Each individual instrument is 50% fast, 50% slow, so this is exactly what we would expect with about half the returns of the combined strategy coming from exposure to the fast strategy, and about half from the slow (note there is no constraint for the Betas to add up to one, and no reason why they would do so exactly).

Now let's regress the returns from a conditional strategy on the fast and slow strategies in each scenario:
                fast   slow
static 0.762 0.337
DO_cheap 0.743 0.313
DO_constrain 0.805 0.288
DO_unconstrain
0.786 0.271

This is.... surprising! About 75% of the returns of the conditional strategy come from exposure to the fast trading rules, and 25% from the slow ones. By only letting the cheapest instruments trade the fast strategy, we've actually made the overall strategy look more like a fast strategy. 



Conclusions


This has been a long post! Let me briefly summarise the implications.

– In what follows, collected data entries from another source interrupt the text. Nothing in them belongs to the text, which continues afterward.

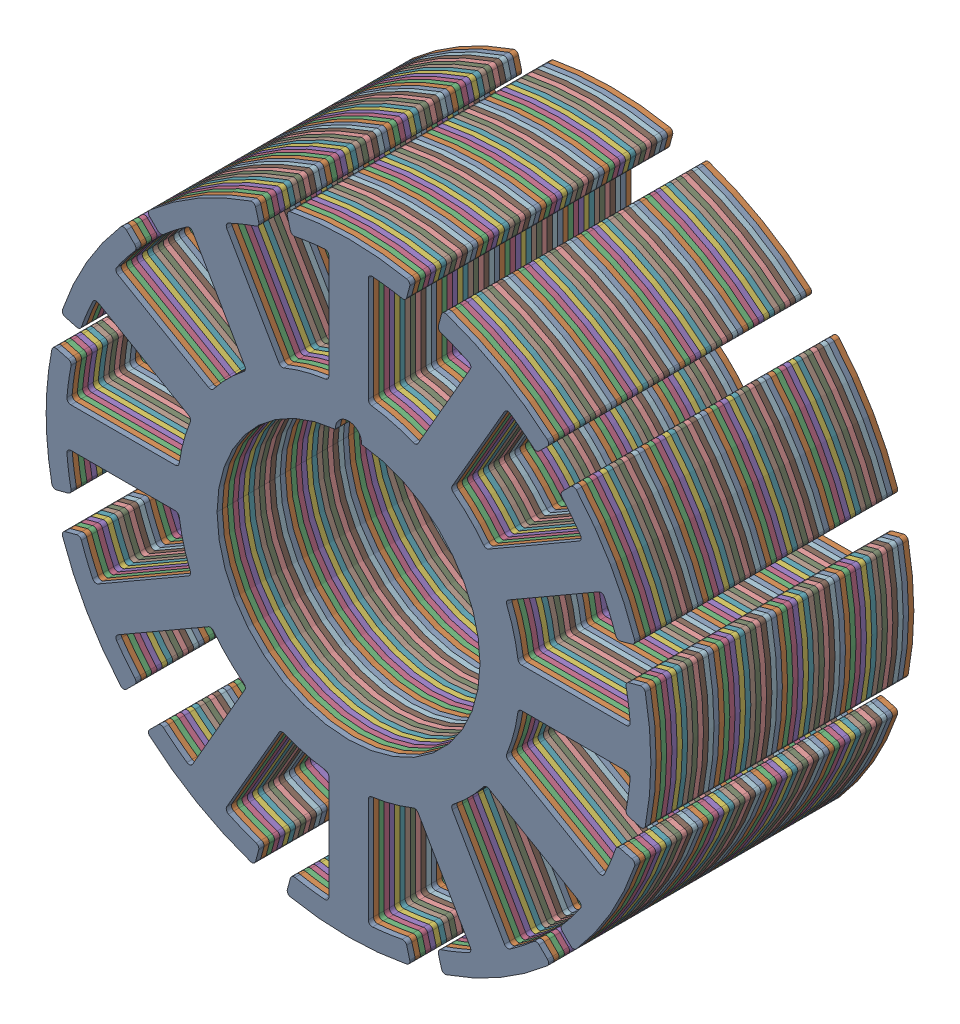
SolidWorks assembly 23x10x10mm-Stator.STEP, configuration Default. Lengths in mm.
Overall size (23 23 10).
62 component instances, 1 part files, 0 mates.
Components (placement in the parent):
- 23x10x5mm-Stator.STEP-1: 23x10x5mm-Stator.STEP [Default] at (-16.2466 9.1923 4.328) size (23 23 5)
  - 23x10x1mm-Stator.STEP-1: 23x10x1mm-Stator.STEP [Default] at (-15.1244 2.7036 6.5442) size (23 23 1)
    - 23x10-Stator-Plate.STEP-1: 23x10-Stator-Plate.STEP [Default] at (-25.8459 0.0676 13.4926) size (23 23 0.2)
    - 23x10-Stator-Plate.STEP-2: 23x10-Stator-Plate.STEP [Default] at (-25.8459 0.0676 13.2926) size (23 23 0.2)
    - 23x10-Stator-Plate.STEP-3: 23x10-Stator-Plate.STEP [Default] at (-25.8459 0.0676 13.0926) size (23 23 0.2)
    - 23x10-Stator-Plate.STEP-4: 23x10-Stator-Plate.STEP [Default] at (-25.8459 0.0676 12.8926) size (23 23 0.2)
    - 23x10-Stator-Plate.STEP-5: 23x10-Stator-Plate.STEP [Default] at (-25.8459 0.0676 12.6926) size (23 23 0.2)
  - 23x10x1mm-Stator.STEP-2: 23x10x1mm-Stator.STEP [Default] at (-15.1244 2.7036 5.5442) size (23 23 1)
    - 23x10-Stator-Plate.STEP-1: 23x10-Stator-Plate.STEP [Default] at (-25.8459 0.0676 13.4926) size (23 23 0.2)
    - 23x10-Stator-Plate.STEP-2: 23x10-Stator-Plate.STEP [Default] at (-25.8459 0.0676 13.2926) size (23 23 0.2)
    - 23x10-Stator-Plate.STEP-3: 23x10-Stator-Plate.STEP [Default] at (-25.8459 0.0676 13.0926) size (23 23 0.2)
    - 23x10-Stator-Plate.STEP-4: 23x10-Stator-Plate.STEP [Default] at (-25.8459 0.0676 12.8926) size (23 23 0.2)
    - 23x10-Stator-Plate.STEP-5: 23x10-Stator-Plate.STEP [Default] at (-25.8459 0.0676 12.6926) size (23 23 0.2)
  - 23x10x1mm-Stator.STEP-3: 23x10x1mm-Stator.STEP [Default] at (-15.1244 2.7036 4.5442) size (23 23 1)
    - 23x10-Stator-Plate.STEP-1: 23x10-Stator-Plate.STEP [Default] at (-25.8459 0.0676 13.4926) size (23 23 0.2)
    - 23x10-Stator-Plate.STEP-2: 23x10-Stator-Plate.STEP [Default] at (-25.8459 0.0676 13.2926) size (23 23 0.2)
    - 23x10-Stator-Plate.STEP-3: 23x10-Stator-Plate.STEP [Default] at (-25.8459 0.0676 13.0926) size (23 23 0.2)
    - 23x10-Stator-Plate.STEP-4: 23x10-Stator-Plate.STEP [Default] at (-25.8459 0.0676 12.8926) size (23 23 0.2)
    - 23x10-Stator-Plate.STEP-5: 23x10-Stator-Plate.STEP [Default] at (-25.8459 0.0676 12.6926) size (23 23 0.2)
  - 23x10x1mm-Stator.STEP-4: 23x10x1mm-Stator.STEP [Default] at (-15.1244 2.7036 3.5442) size (23 23 1)
    - 23x10-Stator-Plate.STEP-1: 23x10-Stator-Plate.STEP [Default] at (-25.8459 0.0676 13.4926) size (23 23 0.2)
    - 23x10-Stator-Plate.STEP-2: 23x10-Stator-Plate.STEP [Default] at (-25.8459 0.0676 13.2926) size (23 23 0.2)
    - 23x10-Stator-Plate.STEP-3: 23x10-Stator-Plate.STEP [Default] at (-25.8459 0.0676 13.0926) size (23 23 0.2)
    - 23x10-Stator-Plate.STEP-4: 23x10-Stator-Plate.STEP [Default] at (-25.8459 0.0676 12.8926) size (23 23 0.2)
    - 23x10-Stator-Plate.STEP-5: 23x10-Stator-Plate.STEP [Default] at (-25.8459 0.0676 12.6926) size (23 23 0.2)
  - 23x10x1mm-Stator.STEP-5: 23x10x1mm-Stator.STEP [Default] at (-15.1244 2.7036 2.5442) size (23 23 1)
    - 23x10-Stator-Plate.STEP-1: 23x10-Stator-Plate.STEP [Default] at (-25.8459 0.0676 13.4926) size (23 23 0.2)
    - 23x10-Stator-Plate.STEP-2: 23x10-Stator-Plate.STEP [Default] at (-25.8459 0.0676 13.2926) size (23 23 0.2)
    - 23x10-Stator-Plate.STEP-3: 23x10-Stator-Plate.STEP [Default] at (-25.8459 0.0676 13.0926) size (23 23 0.2)
    - 23x10-Stator-Plate.STEP-4: 23x10-Stator-Plate.STEP [Default] at (-25.8459 0.0676 12.8926) size (23 23 0.2)
    - 23x10-Stator-Plate.STEP-5: 23x10-Stator-Plate.STEP [Default] at (-25.8459 0.0676 12.6926) size (23 23 0.2)
- 23x10x5mm-Stator.STEP-2: 23x10x5mm-Stator.STEP [Default] at (-16.2466 9.1923 -0.672) size (23 23 5)
  - 23x10x1mm-Stator.STEP-1: 23x10x1mm-Stator.STEP [Default] at (-15.1244 2.7036 6.5442) size (23 23 1)
    - 23x10-Stator-Plate.STEP-1: 23x10-Stator-Plate.STEP [Default] at (-25.8459 0.0676 13.4926) size (23 23 0.2)
    - 23x10-Stator-Plate.STEP-2: 23x10-Stator-Plate.STEP [Default] at (-25.8459 0.0676 13.2926) size (23 23 0.2)
    - 23x10-Stator-Plate.STEP-3: 23x10-Stator-Plate.STEP [Default] at (-25.8459 0.0676 13.0926) size (23 23 0.2)
    - 23x10-Stator-Plate.STEP-4: 23x10-Stator-Plate.STEP [Default] at (-25.8459 0.0676 12.8926) size (23 23 0.2)
    - 23x10-Stator-Plate.STEP-5: 23x10-Stator-Plate.STEP [Default] at (-25.8459 0.0676 12.6926) size (23 23 0.2)
  - 23x10x1mm-Stator.STEP-2: 23x10x1mm-Stator.STEP [Default] at (-15.1244 2.7036 5.5442) size (23 23 1)
    - 23x10-Stator-Plate.STEP-1: 23x10-Stator-Plate.STEP [Default] at (-25.8459 0.0676 13.4926) size (23 23 0.2)
    - 23x10-Stator-Plate.STEP-2: 23x10-Stator-Plate.STEP [Default] at (-25.8459 0.0676 13.2926) size (23 23 0.2)
    - 23x10-Stator-Plate.STEP-3: 23x10-Stator-Plate.STEP [Default] at (-25.8459 0.0676 13.0926) size (23 23 0.2)
    - 23x10-Stator-Plate.STEP-4: 23x10-Stator-Plate.STEP [Default] at (-25.8459 0.0676 12.8926) size (23 23 0.2)
    - 23x10-Stator-Plate.STEP-5: 23x10-Stator-Plate.STEP [Default] at (-25.8459 0.0676 12.6926) size (23 23 0.2)
  - 23x10x1mm-Stator.STEP-3: 23x10x1mm-Stator.STEP [Default] at (-15.1244 2.7036 4.5442) size (23 23 1)
    - 23x10-Stator-Plate.STEP-1: 23x10-Stator-Plate.STEP [Default] at (-25.8459 0.0676 13.4926) size (23 23 0.2)
    - 23x10-Stator-Plate.STEP-2: 23x10-Stator-Plate.STEP [Default] at (-25.8459 0.0676 13.2926) size (23 23 0.2)
    - 23x10-Stator-Plate.STEP-3: 23x10-Stator-Plate.STEP [Default] at (-25.8459 0.0676 13.0926) size (23 23 0.2)
    - 23x10-Stator-Plate.STEP-4: 23x10-Stator-Plate.STEP [Default] at (-25.8459 0.0676 12.8926) size (23 23 0.2)
    - 23x10-Stator-Plate.STEP-5: 23x10-Stator-Plate.STEP [Default] at (-25.8459 0.0676 12.6926) size (23 23 0.2)
  - 23x10x1mm-Stator.STEP-4: 23x10x1mm-Stator.STEP [Default] at (-15.1244 2.7036 3.5442) size (23 23 1)
    - 23x10-Stator-Plate.STEP-1: 23x10-Stator-Plate.STEP [Default] at (-25.8459 0.0676 13.4926) size (23 23 0.2)
    - 23x10-Stator-Plate.STEP-2: 23x10-Stator-Plate.STEP [Default] at (-25.8459 0.0676 13.2926) size (23 23 0.2)
    - 23x10-Stator-Plate.STEP-3: 23x10-Stator-Plate.STEP [Default] at (-25.8459 0.0676 13.0926) size (23 23 0.2)
    - 23x10-Stator-Plate.STEP-4: 23x10-Stator-Plate.STEP [Default] at (-25.8459 0.0676 12.8926) size (23 23 0.2)
    - 23x10-Stator-Plate.STEP-5: 23x10-Stator-Plate.STEP [Default] at (-25.8459 0.0676 12.6926) size (23 23 0.2)
  - 23x10x1mm-Stator.STEP-5: 23x10x1mm-Stator.STEP [Default] at (-15.1244 2.7036 2.5442) size (23 23 1)
    - 23x10-Stator-Plate.STEP-1: 23x10-Stator-Plate.STEP [Default] at (-25.8459 0.0676 13.4926) size (23 23 0.2)
    - 23x10-Stator-Plate.STEP-2: 23x10-Stator-Plate.STEP [Default] at (-25.8459 0.0676 13.2926) size (23 23 0.2)
    - 23x10-Stator-Plate.STEP-3: 23x10-Stator-Plate.STEP [Default] at (-25.8459 0.0676 13.0926) size (23 23 0.2)
    - 23x10-Stator-Plate.STEP-4: 23x10-Stator-Plate.STEP [Default] at (-25.8459 0.0676 12.8926) size (23 23 0.2)
    - 23x10-Stator-Plate.STEP-5: 23x10-Stator-Plate.STEP [Default] at (-25.8459 0.0676 12.6926) size (23 23 0.2)

  • Buffering in a static system reduces turnover, and thus costs, by 17% on a very fast strategy giving us a little more headroom on the 'speed limit' that we think we have.
  • Dynamic optimisation has the same effect, but is more efficient reducing costs by around a third; as unlike static buffering the cost penalty is instrument specific.
  • It's worth preventing expensive instruments from trading in DO, as the cost penalty doesn't seem to be 100% efficient in preventing them from trading. But there isn't any benefit in completely excluding these expensive instruments from the forecast construction stage.
  • Surprisingly, allowing expensive instruments to trade quicker trading rules actually makes a strategy less correlated to a faster trading strategy. It also increases costs by around 50% versus the conditional approach (where only cheap instruments can trade quick rules). 

Good news: all of this is a confirmation that what I'm currently doing* is probably pretty optimal! 

* running DO with expensive instruments, but not allowing them to trade, and preventing expensive instruments from using quicker trading rules.

Bad news: it does seem that my original idea of just trading more fast momentum, in the hope of 'smuggling in' some more diversifying trading rules, is a little dead in the water.